[Records for the task Boundary: Start]

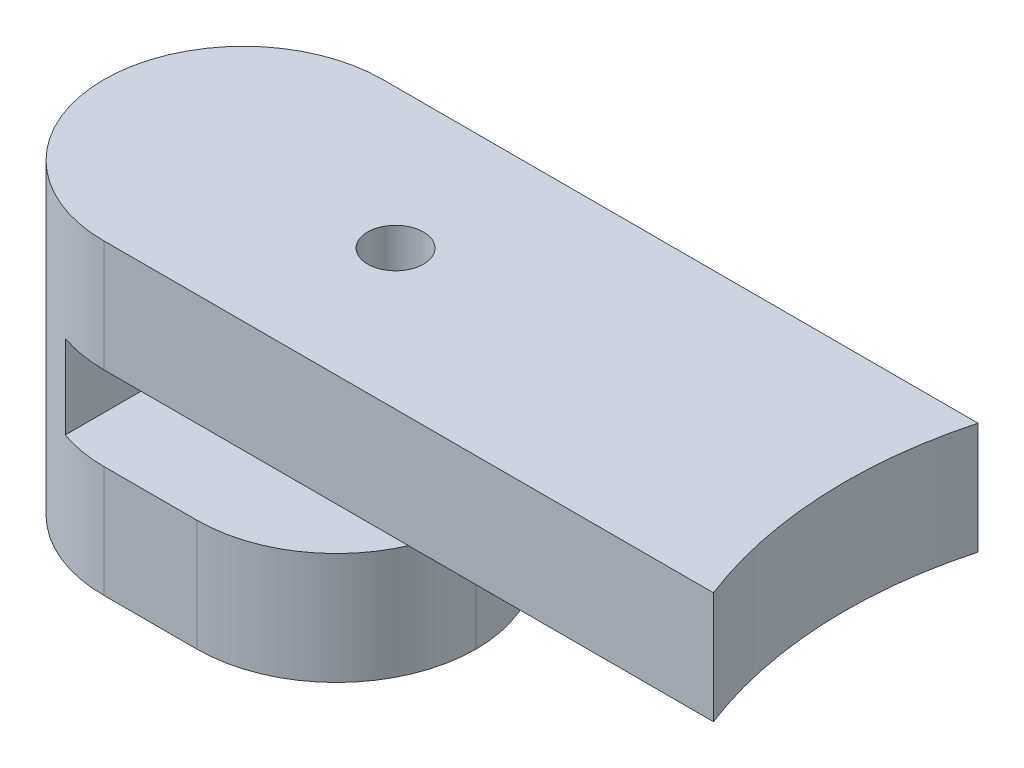
ISO-10303-21;
HEADER;
FILE_DESCRIPTION(('STEP AP214'),'2;1');
FILE_NAME('part.step','',(''),(''),'','','');
FILE_SCHEMA(('AUTOMOTIVE_DESIGN { 1 0 10303 214 1 1 1 1 }'));
ENDSEC;
DATA;
#1=APPLICATION_CONTEXT('core data for automotive mechanical design processes');
#2=APPLICATION_PROTOCOL_DEFINITION('international standard','automotive_design',2000,#1);
#3=PRODUCT_CONTEXT('',#1,'mechanical');
#4=PRODUCT('Part','Part','',(#3));
#5=PRODUCT_RELATED_PRODUCT_CATEGORY('part','',(#4));
#6=PRODUCT_DEFINITION_FORMATION('','',#4);
#7=PRODUCT_DEFINITION_CONTEXT('part definition',#1,'design');
#8=PRODUCT_DEFINITION('design','',#6,#7);
#9=PRODUCT_DEFINITION_SHAPE('','',#8);
#10=(LENGTH_UNIT() NAMED_UNIT(*) SI_UNIT(.MILLI.,.METRE.));
#11=(NAMED_UNIT(*) PLANE_ANGLE_UNIT() SI_UNIT($,.RADIAN.));
#12=(NAMED_UNIT(*) SI_UNIT($,.STERADIAN.) SOLID_ANGLE_UNIT());
#13=UNCERTAINTY_MEASURE_WITH_UNIT(LENGTH_MEASURE(1.E-05),#10,'distance_accuracy_value','');
#14=(GEOMETRIC_REPRESENTATION_CONTEXT(3) GLOBAL_UNCERTAINTY_ASSIGNED_CONTEXT((#13)) GLOBAL_UNIT_ASSIGNED_CONTEXT((#10,
#11,#12)) REPRESENTATION_CONTEXT('',''));
#15=CARTESIAN_POINT('',(0.,0.,0.));
#16=DIRECTION('',(0.,0.,1.));
#17=DIRECTION('',(1.,0.,0.));
#18=AXIS2_PLACEMENT_3D('',#15,#16,#17);
#19=CARTESIAN_POINT('',(0.,3.,3.75));
#20=DIRECTION('',(0.,0.,-1.));
#21=DIRECTION('',(-1.,0.,0.));
#22=AXIS2_PLACEMENT_3D('',#19,#20,#21);
#23=PLANE('',#22);
#24=DIRECTION('',(1.,0.,0.));
#25=VECTOR('',#24,1.);
#26=CARTESIAN_POINT('',(0.,3.,3.75));
#27=LINE('',#26,#25);
#28=CARTESIAN_POINT('',(-4.08744893904425,3.,3.75));
#29=VERTEX_POINT('',#28);
#30=CARTESIAN_POINT('',(12.29141362688,3.,3.75));
#31=VERTEX_POINT('',#30);
#32=EDGE_CURVE('E132',#29,#31,#27,.T.);
#33=ORIENTED_EDGE('',*,*,#32,.F.);
#34=DIRECTION('',(0.,1.,0.));
#35=VECTOR('',#34,1.);
#36=CARTESIAN_POINT('',(-4.08744893904425,-5.25,3.75));
#37=LINE('',#36,#35);
#38=CARTESIAN_POINT('',(-4.08744893904425,0.,3.75));
#39=VERTEX_POINT('',#38);
#40=EDGE_CURVE('E186',#29,#39,#37,.F.);
#41=ORIENTED_EDGE('',*,*,#40,.T.);
#42=DIRECTION('',(1.,0.,0.));
#43=VECTOR('',#42,1.);
#44=CARTESIAN_POINT('',(0.,0.,3.75));
#45=LINE('',#44,#43);
#46=CARTESIAN_POINT('',(12.29141362688,0.,3.75));
#47=VERTEX_POINT('',#46);
#48=EDGE_CURVE('E133',#39,#47,#45,.T.);
#49=ORIENTED_EDGE('',*,*,#48,.T.);
#50=DIRECTION('',(0.,1.,0.));
#51=VECTOR('',#50,1.);
#52=CARTESIAN_POINT('',(12.29141362688,-33.9411254969543,3.75));
#53=LINE('',#52,#51);
#54=EDGE_CURVE('E143',#47,#31,#53,.T.);
#55=ORIENTED_EDGE('',*,*,#54,.T.);
#56=EDGE_LOOP('',(#33,#41,#49,#55));
#57=FACE_BOUND('',#56,.T.);
#58=ADVANCED_FACE('F34',(#57),#23,.F.);
#59=CARTESIAN_POINT('',(0.,3.,-3.75));
#60=DIRECTION('',(0.,0.,-1.));
#61=DIRECTION('',(-1.,0.,0.));
#62=AXIS2_PLACEMENT_3D('',#59,#60,#61);
#63=PLANE('',#62);
#64=DIRECTION('',(-1.,0.,0.));
#65=VECTOR('',#64,1.);
#66=CARTESIAN_POINT('',(2.16255106095575,-2.25,-3.75));
#67=LINE('',#66,#65);
#68=CARTESIAN_POINT('',(-1.58744893904425,-2.25,-3.75));
#69=VERTEX_POINT('',#68);
#70=CARTESIAN_POINT('',(-4.08744893904426,-2.25,-3.75));
#71=VERTEX_POINT('',#70);
#72=EDGE_CURVE('E233',#69,#71,#67,.T.);
#73=ORIENTED_EDGE('',*,*,#72,.F.);
#74=DIRECTION('',(0.,1.,0.));
#75=VECTOR('',#74,1.);
#76=CARTESIAN_POINT('',(-1.58744893904425,-5.25,-3.75));
#77=LINE('',#76,#75);
#78=CARTESIAN_POINT('',(-1.58744893904425,-5.25,-3.74999999999999));
#79=VERTEX_POINT('',#78);
#80=EDGE_CURVE('E173',#69,#79,#77,.F.);
#81=ORIENTED_EDGE('',*,*,#80,.T.);
#82=DIRECTION('',(1.,0.,0.));
#83=VECTOR('',#82,1.);
#84=CARTESIAN_POINT('',(-7.83744893904425,-5.25,-3.75));
#85=LINE('',#84,#83);
#86=CARTESIAN_POINT('',(-4.08744893904426,-5.25,-3.75));
#87=VERTEX_POINT('',#86);
#88=EDGE_CURVE('E222',#87,#79,#85,.T.);
#89=ORIENTED_EDGE('',*,*,#88,.F.);
#90=DIRECTION('',(0.,1.,0.));
#91=VECTOR('',#90,1.);
#92=CARTESIAN_POINT('',(-4.08744893904426,3.,-3.75));
#93=LINE('',#92,#91);
#94=EDGE_CURVE('E171',#87,#71,#93,.T.);
#95=ORIENTED_EDGE('',*,*,#94,.T.);
#96=EDGE_LOOP('',(#73,#81,#89,#95));
#97=FACE_BOUND('',#96,.T.);
#98=ADVANCED_FACE('F226',(#97),#63,.T.);
#99=CARTESIAN_POINT('',(-5.33744893904425,-5.25,3.75));
#100=DIRECTION('',(-1.,0.,0.));
#101=DIRECTION('',(0.,0.,1.));
#102=AXIS2_PLACEMENT_3D('',#99,#100,#101);
#103=PLANE('',#102);
#104=DIRECTION('',(0.,0.,1.));
#105=VECTOR('',#104,1.);
#106=CARTESIAN_POINT('',(-5.33744893904425,0.,3.75));
#107=LINE('',#106,#105);
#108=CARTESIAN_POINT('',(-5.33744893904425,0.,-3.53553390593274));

[Records for the task Boundary: End]

* **Work instructions**
Check each line above for "VECTOR" and give the number of lines that match, nothing more.

* **Your response**
9